I was going to make saag paneer (spinach and paneer) but I took a fancy to the paneer jalfrezi recipe in Monisha Bharadwaj’s India’s Vegetarian Cooking.

As usual, I made a few small amendments. The recipe calls for garlic / ginger paste. I couldn’t be arsed with that so just grated the ginger and crushed the garlic. I also added fresh chili as I like my dishes spicey. Finally, I added red pepper too as I had some in the fridge and it looks pretty in Indian dishes.

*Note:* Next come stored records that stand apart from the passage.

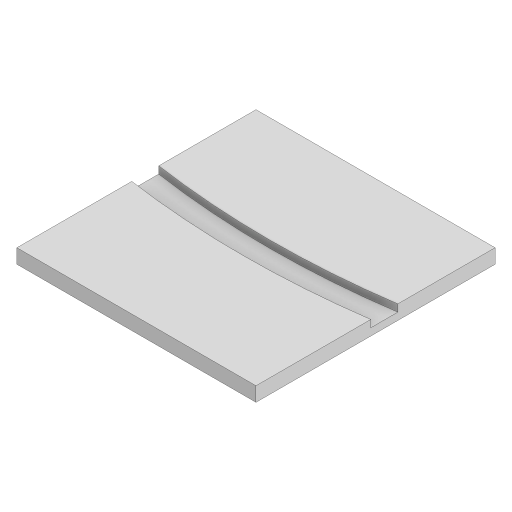
# Autodesk Inventor part: big_curve
Saved by Autodesk Inventor 2023 (Build 270158000, 158)
## iProperties
Created: 2022-07-12
Part Number: big_curve
Material: Generic
Document SubType Name: Modeling
Designer: Derm
Density: 1 g/cm^3
Appearance: Default
Author: Derm
Autodesk Inventor part; units mm, degrees
ref_plane "YZ Plane" through (0, 0, 0) normal (1, 0, 0) x (0, 1, 0)
ref_plane "XZ Plane" through (0, 0, 0) normal (0, 1, 0) x (-1, 0, 0)
ref_plane "XY Plane" through (0, 0, 0) normal (0, 0, 1) x (1, 0, 0)
sketch "Sketch1" plane through (0, 0, 0) normal (0, 1, 0) x (-1, 0, 0)
  line L0 (-50000, 50000) -> (50000, 50000)
  line L1 (50000, 50000) -> (50000, -50000)
  line L2 (50000, -50000) -> (-50000, -50000)
  line L3 (-50000, -50000) -> (-50000, 50000)
  line L4 (-50000, 50000) -> (50000, -50000) construction
  line L5 (50000, 50000) -> (-50000, -50000) construction
  point P0 (0, 0)
  dimension "d0" = 100000
  dimension "d1" = 100000
  constraints: 12 end point, 2 midpoint, 2 parallel, 1 horizontal, 1 perpendicular
  measures "d0" distance of L0.end L1.end
  measures "d1" distance of L1.end L2.end
extrude "Extrusion1" add sketch "Sketch1" against normal blind 3000
sketch "Sketch2" plane through (0, 0, 0) normal (0, 1, 0) x (1, 0, 0)
  line L0 (-50000, 50000) -> (50000, 50000) projected
  line L1 (50000, 50000) -> (50000, -50000) projected
  arc A0 (-50000, 9325.0108) -> (50000, 9325.0108) centre (0, 347830.301) ccw
  line L2 (50000, 50000) -> (-50000, 50000) projected
  line L3 (-50000, 50000) -> (-50000, -50000) projected
  line L4 (-50000, -50000) -> (50000, -50000) projected
  line L5 (50000, -50000) -> (50000, 50000) projected
  arc A1 (-50000, -1974.3373) -> (50000, -1974.3373) centre (0, 347830.301) ccw
  point P0 (0, 0)
  point P1 (50000, -1974.3373)
  constraints: 5 point on line, 4 point on circle, 2 centre point
extrude "Extrusion2" add sketch "Sketch2" along normal blind 3000 contours L0 L1 A0 L3 | A1 L1 L4 L3
body "Solid1"
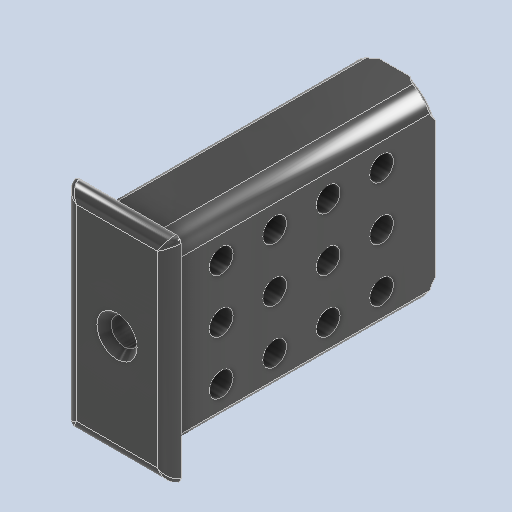
# Autodesk Inventor part: PLUG,MAXTUBE,2IN,3DP,TOP,ELEVATOR
Saved by Autodesk Inventor 2025.2 (Build 292293000, 293)
## iProperties
ILogicPurgeVersion: 0.0.0.0
OnSaveVersion: 3.4.3.0
OnSaveAssembly: COREAutomationManager
Created: 2025-02-06
Part Number: PLUG,MAXTUBE,2IN,3DP,TOP,ELEVATOR
Material: Nylon 6/6
Document SubType Name: Modeling
Designer: Jthib
Density: 1.13 g/cm^3
Appearance: Dark Gray
Mfg Approved By: John.Thibert
Mass: 54.0061 g
Surface Area: 143.213 cm^2
Volume: 47.793 cm^3
ModelCat: Uncategorized
MaterialName: Nylon 6/6
CN_MASS: 0.05
Author: Jthib
Autodesk Inventor part; units mm, degrees
ref_plane "YZ Plane" through (0, 0, 0) normal (1, 0, 0) x (0, 1, 0)
ref_plane "XZ Plane" through (0, 0, 0) normal (0, 1, 0) x (-1, 0, 0)
ref_plane "XY Plane" through (0, 0, 0) normal (0, 0, 1) x (1, 0, 0)
sketch "Sketch1" plane through (0, 0, 0) normal (0, 0, 1) x (1, 0, 0)
  arc A0 (-9.9442, -17.6598) -> (-4.9598, -22.6442) centre (0, -12.7) ccw construction
  line L0 (-4.8895, -24.257) -> (-4.8895, -22.7579) construction
  line L1 (-2.5, -24.384) -> (-0.127, -24.384) construction
  line L2 (-2.5, -24.384) -> (-4.7625, -24.384) construction
  arc A1 (-4.8895, -24.257) -> (-4.7625, -24.384) centre (-4.7625, -24.257) ccw construction
  arc A2 (-4.8895, -22.7579) -> (-4.9598, -22.6442) centre (-5.0165, -22.7579) ccw construction
  arc A3 (-9.9442, -17.6598) -> (-10.0579, -17.5895) centre (-10.0579, -17.7165) ccw construction
  line L3 (-10.0579, -17.5895) -> (-11.557, -17.5895) construction
  arc A4 (-11.684, -17.4625) -> (-11.557, -17.5895) centre (-11.557, -17.4625) ccw construction
  line L4 (-11.684, -17.4625) -> (-11.684, -15.2) construction
  line L5 (-11.684, -12.827) -> (-11.684, -15.2) construction
  line L6 (-11.684, -10.2) -> (-11.684, -12.573) construction
  line L7 (-11.684, -0.127) -> (-11.684, -2.5) construction
  line L8 (0, -24.257) -> (-4.7625, -24.257)
  line L9 (-4.7625, -24.257) -> (-4.7625, -22.7579)
  arc A5 (-4.7625, -22.7579) -> (-4.9031, -22.5306) centre (-5.0165, -22.7579) ccw
  arc A6 (-9.8306, -17.6031) -> (-4.9031, -22.5306) centre (0, -12.7) ccw
  arc A7 (-9.8306, -17.6031) -> (-10.0579, -17.4625) centre (-10.0579, -17.7165) ccw
  line L10 (-10.0579, -17.4625) -> (-11.557, -17.4625)
  line L11 (-11.557, -17.4625) -> (-11.557, -15.2)
  line L12 (-11.557, -15.2) -> (-11.557, 0)
  line L13 (0, 0) -> (-11.557, 0) construction
  line L14 (0, 24.257) -> (-4.7625, 24.257)
  line L15 (-4.7625, 24.257) -> (-4.7625, 22.7579)
  arc A8 (-4.9031, 22.5306) -> (-4.7625, 22.7579) centre (-5.0165, 22.7579) ccw
  arc A9 (-4.9031, 22.5306) -> (-9.8306, 17.6031) centre (0, 12.7) ccw
  arc A10 (-10.0579, 17.4625) -> (-9.8306, 17.6031) centre (-10.0579, 17.7165) ccw
  line L16 (-10.0579, 17.4625) -> (-11.557, 17.4625)
  line L17 (-11.557, 17.4625) -> (-11.557, 15.2)
  line L18 (-11.557, 15.2) -> (-11.557, 0)
  line L19 (0, 33.9905) -> (0, -34.1438) construction
  line L20 (0, -24.257) -> (4.7625, -24.257)
  line L21 (4.7625, -24.257) -> (4.7625, -22.7579)
  arc A11 (4.9031, -22.5306) -> (4.7625, -22.7579) centre (5.0165, -22.7579) ccw
  arc A12 (4.9031, -22.5306) -> (9.8306, -17.6031) centre (0, -12.7) ccw
  arc A13 (10.0579, -17.4625) -> (9.8306, -17.6031) centre (10.0579, -17.7165) ccw
  line L22 (10.0579, -17.4625) -> (11.557, -17.4625)
  line L23 (11.557, -17.4625) -> (11.557, -15.2)
  line L24 (11.557, -15.2) -> (11.557, 0)
  line L25 (0, 24.257) -> (4.7625, 24.257)
  line L26 (4.7625, 24.257) -> (4.7625, 22.7579)
  arc A14 (4.7625, 22.7579) -> (4.9031, 22.5306) centre (5.0165, 22.7579) ccw
  arc A15 (9.8306, 17.6031) -> (4.9031, 22.5306) centre (0, 12.7) ccw
  arc A16 (9.8306, 17.6031) -> (10.0579, 17.4625) centre (10.0579, 17.7165) ccw
  line L27 (10.0579, 17.4625) -> (11.557, 17.4625)
  line L28 (11.557, 17.4625) -> (11.557, 15.2)
  line L29 (11.557, 15.2) -> (11.557, 0)
  dimension "d0" = 0.127
  constraints: 58 end point, 36 symmetric about line, 34 point on circle, 17 centre point, 5 vertical, 4 horizontal, 1 vertical alignment, 52 other
  measures "d0" distance between parallel lines of L2 L8
extrude "Extrusion1" add sketch "Sketch1" against normal blind 63.5
sketch "Sketch2" plane through (0, 0, 0) normal (0, 0, 1) x (1, 0, 0)
  line L0 (12.7, 25.4) -> (-12.7, 25.4)
  line L1 (-12.7, 25.4) -> (-12.7, -25.4)
  line L2 (-12.7, -25.4) -> (12.7, -25.4)
  line L3 (12.7, -25.4) -> (12.7, 25.4)
  line L4 (12.7, 25.4) -> (-12.7, -25.4) construction
  line L5 (-12.7, 25.4) -> (12.7, -25.4) construction
  point P0 (0, 0)
  dimension "d3" = 25.4
  dimension "d4" = 50.8
  constraints: 12 end point, 2 midpoint, 2 parallel, 1 horizontal, 1 perpendicular
  measures "d3" distance of L2.end L1.end
  measures "d4" distance of L1.end L0.end
extrude "Extrusion2" add sketch "Sketch2" along normal blind 2.54
fillet "Fillet1" radius 3.175 4 edges at (-12.7, 0, 2.54) (0, -25.4, 2.54) (12.7, 0, 2.54) (0, 25.4, 2.54)
fillet "Fillet2" radius 1.27 4 edges at (-11.5972, 24.2972, 1.8243) (11.5972, 24.2972, 1.8243) (11.5972, -24.2972, 1.8243) (-11.5972, -24.2972, 1.8243)
sketch "Sketch3" plane through (0, 0, 2.54) normal (0, 0, 1) x (1, 0, 0)
  point P0 (0, 0)
  point P1 (0, 0)
  constraints: 1 coincident
hole "Hole1" at (0, 0, 2.54) direction (0, 0, -1) diameter 6.35 end through all countersink diameter 9.525 countersink angle 82
sketch "Sketch4" plane through (-11.557, -17.4625, -63.5) normal (-1, 0, 0) x (0, 0, 1)
  line L0 (50.8, 4.7625) -> (50.8, 30.1625) construction
  line L1 (63.5, 51.4223) -> (63.5, -16.4973) construction
  line L2 (63.5, 34.925) -> (63.5, 0) construction
  point P0 (63.5, 17.4625)
  point P1 (50.8, 17.4625)
  point P2 (63.5, 17.4625)
  dimension "d26" = 12.7
  dimension "d27" = 25.4
  constraints: 2 coincident, 2 end point, 2 midpoint, 1 horizontal alignment, 1 parallel
  measures "d26" distance between parallel lines of L1 L0
  measures "d27" distance of L0.start L0.end
hole "Hole2" at (-11.557, -12.7, -12.7) at (-11.557, 0, -12.7) at (-11.557, 12.7, -12.7) direction (1, 0, 0) diameter 5.6134 end through all clearance for "Flat Head Machine Screw (82)" size "#10" standard "Ansi Unified Screw Threads"
chamfer "Chamfer1" distance 1.27 angle 45 24 edges at (-11.557, 0, -63.5) (-7.7679, -20.4679, -63.5) (-9.9242, -17.5005, -63.5) (-10.8074, -17.4625, -63.5) (-4.8005, -22.6242, -63.5) (-4.7625, -23.5074, -63.5) (7.7679, -20.4679, -63.5) (4.8005, -22.6242, -63.5) (4.7625, -23.5074, -63.5) (9.9242, -17.5005, -63.5) (10.8074, -17.4625, -63.5) (0, -24.257, -63.5) (11.557, 0, -63.5) (7.7679, 20.4679, -63.5) (9.9242, 17.5005, -63.5) (10.8074, 17.4625, -63.5) (4.8005, 22.6242, -63.5) (4.7625, 23.5074, -63.5) (0, 24.257, -63.5) (-7.7679, 20.4679, -63.5) (-4.8005, 22.6242, -63.5) (-4.7625, 23.5074, -63.5) (-9.9242, 17.5005, -63.5) (-10.8074, 17.4625, -63.5)
pattern_linear "Rectangular Pattern1" count 4 spacing 12.7 along (0, 0, -1) of "Hole2"
sketch "Sketch5" plane through (0, 0, -63.5) normal (0, 0, -1) x (-1, 0, 0)
  line L0 (12.7, -25.4) -> (-12.7, -25.4)
  line L1 (-12.7, -25.4) -> (-12.7, 25.4)
  line L2 (-12.7, 25.4) -> (12.7, 25.4)
  line L3 (12.7, 25.4) -> (12.7, -25.4)
  line L4 (12.7, -25.4) -> (-12.7, 25.4) construction
  line L5 (-12.7, -25.4) -> (12.7, 25.4) construction
  line L6 (-9.525, 22.225) -> (-9.525, -22.225)
  line L7 (-9.525, -22.225) -> (9.525, -22.225)
  line L8 (9.525, -22.225) -> (9.525, 22.225)
  line L9 (9.525, 22.225) -> (-9.525, 22.225)
  point P0 (0, 0)
  dimension "d31" = 25.4
  dimension "d32" = 50.8
  dimension "d33" = 3.175
  constraints: 20 end point, 4 parallel, 2 midpoint, 2 perpendicular, 1 horizontal, 3 other
  measures "d31" distance of L1.end L2.end
  measures "d32" distance of L0.end L1.end
  measures "d33" distance between parallel lines of L1 L6
extrude "Extrusion3" cut sketch "Sketch5" against normal up to surface (63.5 mm away)
body "Solid1"
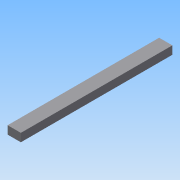
# Autodesk Inventor part: tigemoteur
Saved by Autodesk Inventor 2013 (Build 170138000, 138)
## iProperties
Created: 2012-11-14
Part Number: tigemoteur
Material: Générique
Document SubType Name: Modeling
Designer: Aegir
Density: 1 g/cm^3
Author: Aegir
Autodesk Inventor part; units mm, degrees
ref_plane "YZ Plane" through (0, 0, 0) normal (1, 0, 0) x (0, 1, 0)
ref_plane "XZ Plane" through (0, 0, 0) normal (0, 1, 0) x (-1, 0, 0)
ref_plane "XY Plane" through (0, 0, 0) normal (0, 0, 1) x (1, 0, 0)
sketch "Esquisse1" plane through (0, 0, 0) normal (0, 0, 1) x (1, 0, 0)
  line L0 (2.4067, 0) -> (-2.468, 0)
  line L1 (-2.468, 0) -> (-2.468, 55.8233)
  line L2 (-2.468, 55.8233) -> (2.4067, 55.8233)
  line L3 (2.4067, 55.8233) -> (2.4067, 0)
  point P0 (0, 0)
  constraints: 8 end point, 2 parallel, 1 horizontal, 1 perpendicular
extrude "Extrusion1" add sketch "Esquisse1" along normal blind 3

Peppers are a really good source of vitamin C, and red peppers in particular are full of bioflavonoids which helps your immune system and is good for preventing bruising and bleeding.

Ingredients:

  • 3 tbs groundnut oil (tel)
  • 1 tsp cumin (jeera)
  • 1 onion – sliced finely (dungri)
  • 1 inch ginger – grated (audoo)
  • 1 large clove garlic – crushed (lusan)
  • 1 small green chili – chopped finely (murcha)
  • 1/2 tsp chili powder (murcha)
  • 1/2 tsp turmeric (hurder)
  • 1 tsp salt (nimak)
  • 1 tsp coriander, cumin powder (dhanna jeeru)
  • 1 green bell pepper – sliced finely
  • 1 red bell pepper (optional) – sliced finely
  • 750g paneer (Plumstead bods…I got mine from Superfruits). Diced in 1 inch cubes
  • 2 ripe red tomatoes – diced finely
  • Coriander to garnish

Cooking:


  • In a heavy based saucepan or large frying pan,heat oil then add cumin seeds.
  • Once the seeds are sizzling, add onions and fry until they are soft
  • Add garlic, ginger and chilis. Cook for a minute
  • Add spices and cook until blended well
  • Add the sliced peppers and cook for about 8 minutes. The recipe calls for them to be soft but still holding their shape
  • Add the paneer and tomatoes and cook for a few more minutes
  • Garnish with coriander

Ms Bharadwaj recommends eating this with rotlis but I’m going to have it with plain rice.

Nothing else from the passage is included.